We can only blame ourselves that Rand Paul’s inquiry as to whether Dr. Levine would support hormone therapy, puberty blockers, or mutilative surgery for minors confused about gender has met accusations of “transphobia” and extremism. Never mind that shielding children from harmful treatment in service of a political agenda is the absolute least we should expect of a respectable right in the debate over transgenderism. Conservatives have so fully abdicated our role here that a mild, moderate presentation of the conservative position is now denounced almost universally as miles beyond the pale. Nobody can pretend to be surprised that Ryan T. Anderson’s book got banned by Amazon; for years we’ve granted tacit credence to the left’s belief that trans-skepticism is a heresy against the ever-changing soft science of ever-changing genders, incurring latae sententiae excommunication from the ranks of respectable, intelligent people. We invite them to trample on us, then squeal in disbelief when they take us up on the offer.
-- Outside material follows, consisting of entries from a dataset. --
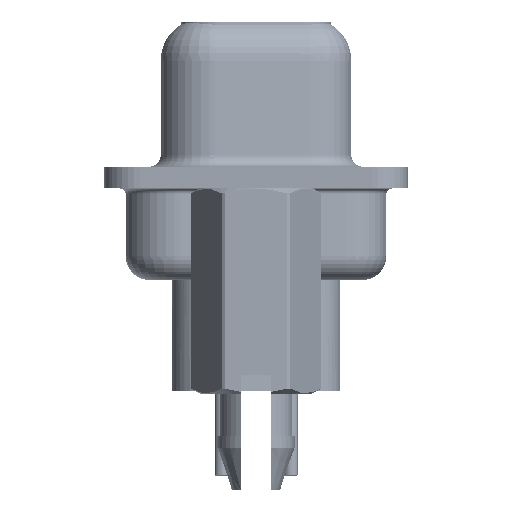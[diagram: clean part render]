
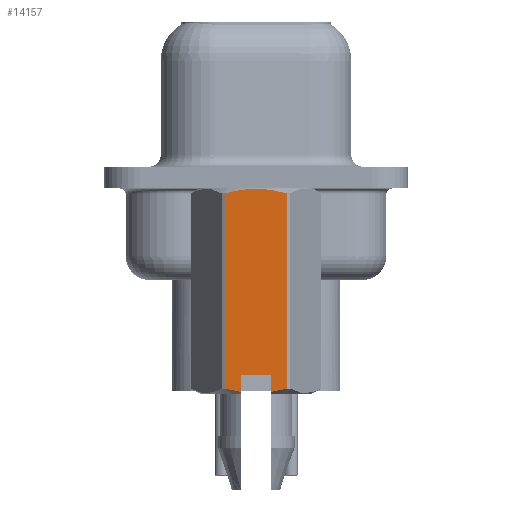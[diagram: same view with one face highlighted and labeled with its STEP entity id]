
A CAD part, left-side view. The second image highlights one B-rep face of the part: STEP entity #14157.
In plain terms, the highlighted planar face has unit normal (-1, 0, 0).
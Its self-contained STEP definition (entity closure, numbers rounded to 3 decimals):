
#891 = VERTEX_POINT ( 'NONE', #19298 ) ;
#3489 = VECTOR ( 'NONE', #31351, 1000. ) ;
#3873 = DIRECTION ( 'NONE',  ( 0., 1., 0. ) ) ;
#4119 = EDGE_CURVE ( 'NONE', #32352, #16789, #21928, .T. ) ;
#4586 = ORIENTED_EDGE ( 'NONE', *, *, #4119, .T. ) ;
#5784 = AXIS2_PLACEMENT_3D ( 'NONE', #38162, #19140, #18406 ) ;
#6293 = CARTESIAN_POINT ( 'NONE',  ( -2.381, -0.215, -0.468 ) ) ;
#6505 = CARTESIAN_POINT ( 'NONE',  ( -2.381, -0.625, -8.2 ) ) ;
#6762 = DIRECTION ( 'NONE',  ( 0., 0., -1. ) ) ;
#6919 = CARTESIAN_POINT ( 'NONE',  ( -2.381, -0.842, -8.854 ) ) ;
#7343 = CARTESIAN_POINT ( 'NONE',  ( -2.381, 1.06, -8.806 ) ) ;
#7524 = VECTOR ( 'NONE', #34396, 1000. ) ;
#8845 = LINE ( 'NONE', #38179, #24268 ) ;
#9626 = ORIENTED_EDGE ( 'NONE', *, *, #43937, .T. ) ;
#9911 = CARTESIAN_POINT ( 'NONE',  ( -2.381, -1.273, -8.748 ) ) ;
#9964 = EDGE_CURVE ( 'NONE', #40113, #21401, #8845, .T. ) ;
#10045 = CARTESIAN_POINT ( 'NONE',  ( -2.381, -1.065, -0.596 ) ) ;
#10109 = CARTESIAN_POINT ( 'NONE',  ( -2.381, 1.273, -8.748 ) ) ;
#10859 = VECTOR ( 'NONE', #6762, 1000. ) ;
#12737 = ORIENTED_EDGE ( 'NONE', *, *, #40834, .T. ) ;
#13760 = CARTESIAN_POINT ( 'NONE',  ( -2.381, 0.215, -0.468 ) ) ;
#14010 = LINE ( 'NONE', #6505, #10859 ) ;
#14157 = ADVANCED_FACE ( 'NONE', ( #18906 ), #15126, .T. ) ;
#14168 = CARTESIAN_POINT ( 'NONE',  ( -2.381, -0.625, -8.2 ) ) ;
#14508 = CARTESIAN_POINT ( 'NONE',  ( -2.381, -1.273, 0.581 ) ) ;
#15126 = PLANE ( 'NONE',  #5784 ) ;
#16077 = CARTESIAN_POINT ( 'NONE',  ( -2.381, 1.273, 0.581 ) ) ;
#16789 = VERTEX_POINT ( 'NONE', #47038 ) ;
#18395 = CARTESIAN_POINT ( 'NONE',  ( -2.381, 0.625, -8.2 ) ) ;
#18406 = DIRECTION ( 'NONE',  ( 0., 0., 1. ) ) ;
#18906 = FACE_OUTER_BOUND ( 'NONE', #44105, .T. ) ;
#19140 = DIRECTION ( 'NONE',  ( -1., 0., 0. ) ) ;
#19298 = CARTESIAN_POINT ( 'NONE',  ( -2.381, -1.273, -8.748 ) ) ;
#21183 = CARTESIAN_POINT ( 'NONE',  ( -2.381, -0.625, -8.885 ) ) ;
#21401 = VERTEX_POINT ( 'NONE', #38992 ) ;
#21557 = CARTESIAN_POINT ( 'NONE',  ( -2.381, 0., -0.468 ) ) ;
#21928 = B_SPLINE_CURVE_WITH_KNOTS ( 'NONE', 3,
 ( #33074, #10045, #33326, #40587, #6293, #21557 ),
 .UNSPECIFIED., .F., .F.,
 ( 4, 2, 4 ),
 ( 0.003, 0.003, 0.004 ),
 .UNSPECIFIED. ) ;
#22077 = EDGE_CURVE ( 'NONE', #40529, #25750, #26156, .T. ) ;
#22519 = B_SPLINE_CURVE_WITH_KNOTS ( 'NONE', 3,
 ( #21183, #6919, #36473, #9911 ),
 .UNSPECIFIED., .F., .F.,
 ( 4, 4 ),
 ( 0.003, 0.004 ),
 .UNSPECIFIED. ) ;
#22523 = LINE ( 'NONE', #14508, #29752 ) ;
#22870 = CARTESIAN_POINT ( 'NONE',  ( -2.381, 0.845, -8.853 ) ) ;
#24268 = VECTOR ( 'NONE', #3873, 1000. ) ;
#25290 = CARTESIAN_POINT ( 'NONE',  ( -2.381, 0., -0.468 ) ) ;
#25750 = VERTEX_POINT ( 'NONE', #46981 ) ;
#25881 = ORIENTED_EDGE ( 'NONE', *, *, #36695, .T. ) ;
#26156 = B_SPLINE_CURVE_WITH_KNOTS ( 'NONE', 3,
 ( #10109, #7343, #22870, #37648 ),
 .UNSPECIFIED., .F., .F.,
 ( 4, 4 ),
 ( 0.001, 0.002 ),
 .UNSPECIFIED. ) ;
#26596 = CARTESIAN_POINT ( 'NONE',  ( -2.381, -0.625, -8.885 ) ) ;
#28585 = CARTESIAN_POINT ( 'NONE',  ( -2.381, -1.273, -0.652 ) ) ;
#28894 = EDGE_CURVE ( 'NONE', #45118, #891, #22519, .T. ) ;
#29752 = VECTOR ( 'NONE', #30299, 1000. ) ;
#30299 = DIRECTION ( 'NONE',  ( 0., 0., 1. ) ) ;
#31351 = DIRECTION ( 'NONE',  ( 0., 0., -1. ) ) ;
#31809 = CARTESIAN_POINT ( 'NONE',  ( -2.381, 0.858, -0.55 ) ) ;
#32300 = CARTESIAN_POINT ( 'NONE',  ( -2.381, 0.432, -0.485 ) ) ;
#32352 = VERTEX_POINT ( 'NONE', #28585 ) ;
#33074 = CARTESIAN_POINT ( 'NONE',  ( -2.381, -1.273, -0.652 ) ) ;
#33326 = CARTESIAN_POINT ( 'NONE',  ( -2.381, -0.853, -0.549 ) ) ;
#34396 = DIRECTION ( 'NONE',  ( 0., 0., -1. ) ) ;
#35110 = LINE ( 'NONE', #16077, #3489 ) ;
#35495 = ORIENTED_EDGE ( 'NONE', *, *, #9964, .F. ) ;
#36473 = CARTESIAN_POINT ( 'NONE',  ( -2.381, -1.06, -8.806 ) ) ;
#36695 = EDGE_CURVE ( 'NONE', #16789, #41595, #43016, .T. ) ;
#36883 = EDGE_CURVE ( 'NONE', #891, #32352, #22523, .T. ) ;
#37153 = ORIENTED_EDGE ( 'NONE', *, *, #28894, .T. ) ;
#37648 = CARTESIAN_POINT ( 'NONE',  ( -2.381, 0.625, -8.885 ) ) ;
#38134 = ORIENTED_EDGE ( 'NONE', *, *, #22077, .T. ) ;
#38162 = CARTESIAN_POINT ( 'NONE',  ( -2.381, -1.375, 7.399 ) ) ;
#38179 = CARTESIAN_POINT ( 'NONE',  ( -2.381, -0.625, -8.2 ) ) ;
#38992 = CARTESIAN_POINT ( 'NONE',  ( -2.381, 0.625, -8.2 ) ) ;
#40113 = VERTEX_POINT ( 'NONE', #14168 ) ;
#40529 = VERTEX_POINT ( 'NONE', #48653 ) ;
#40587 = CARTESIAN_POINT ( 'NONE',  ( -2.381, -0.428, -0.485 ) ) ;
#40834 = EDGE_CURVE ( 'NONE', #41595, #40529, #35110, .T. ) ;
#41595 = VERTEX_POINT ( 'NONE', #45945 ) ;
#42503 = EDGE_CURVE ( 'NONE', #21401, #25750, #48674, .T. ) ;
#43016 = B_SPLINE_CURVE_WITH_KNOTS ( 'NONE', 3,
 ( #25290, #13760, #32300, #31809, #47572, #47321 ),
 .UNSPECIFIED., .F., .F.,
 ( 4, 2, 4 ),
 ( 0.004, 0.004, 0.005 ),
 .UNSPECIFIED. ) ;
#43806 = ORIENTED_EDGE ( 'NONE', *, *, #42503, .F. ) ;
#43937 = EDGE_CURVE ( 'NONE', #40113, #45118, #14010, .T. ) ;
#44105 = EDGE_LOOP ( 'NONE', ( #43806, #35495, #9626, #37153, #45511, #4586, #25881, #12737, #38134 ) ) ;
#45118 = VERTEX_POINT ( 'NONE', #26596 ) ;
#45511 = ORIENTED_EDGE ( 'NONE', *, *, #36883, .T. ) ;
#45945 = CARTESIAN_POINT ( 'NONE',  ( -2.381, 1.273, -0.652 ) ) ;
#46981 = CARTESIAN_POINT ( 'NONE',  ( -2.381, 0.625, -8.885 ) ) ;
#47038 = CARTESIAN_POINT ( 'NONE',  ( -2.381, 0., -0.468 ) ) ;
#47321 = CARTESIAN_POINT ( 'NONE',  ( -2.381, 1.273, -0.652 ) ) ;
#47572 = CARTESIAN_POINT ( 'NONE',  ( -2.381, 1.066, -0.596 ) ) ;
#48653 = CARTESIAN_POINT ( 'NONE',  ( -2.381, 1.273, -8.748 ) ) ;
#48674 = LINE ( 'NONE', #18395, #7524 ) ;

No Republican senator has even thought to suggest that a man who is convinced he is a woman might have personal troubles that disqualify him from holding a high-ranking position in the nation’s public health apparatus. The mere idea that any of them could, after years of giving up on an entirely winnable issue, is laughable. We have admitted to the world that Richard is Rachel and Bruce is Caitlyn and everything they’re telling you is entirely correct but please don’t let them act on it too much (though we can’t explain to you why you shouldn’t).

Voltaire got very little right, but one warning still rings true: “Those who can make you believe absurdities can make you commit atrocities.” We might find the atrocities both much less common and much more easily combatted if we could manage, at the very least, to keep the obvious absurdities out of our own mouths.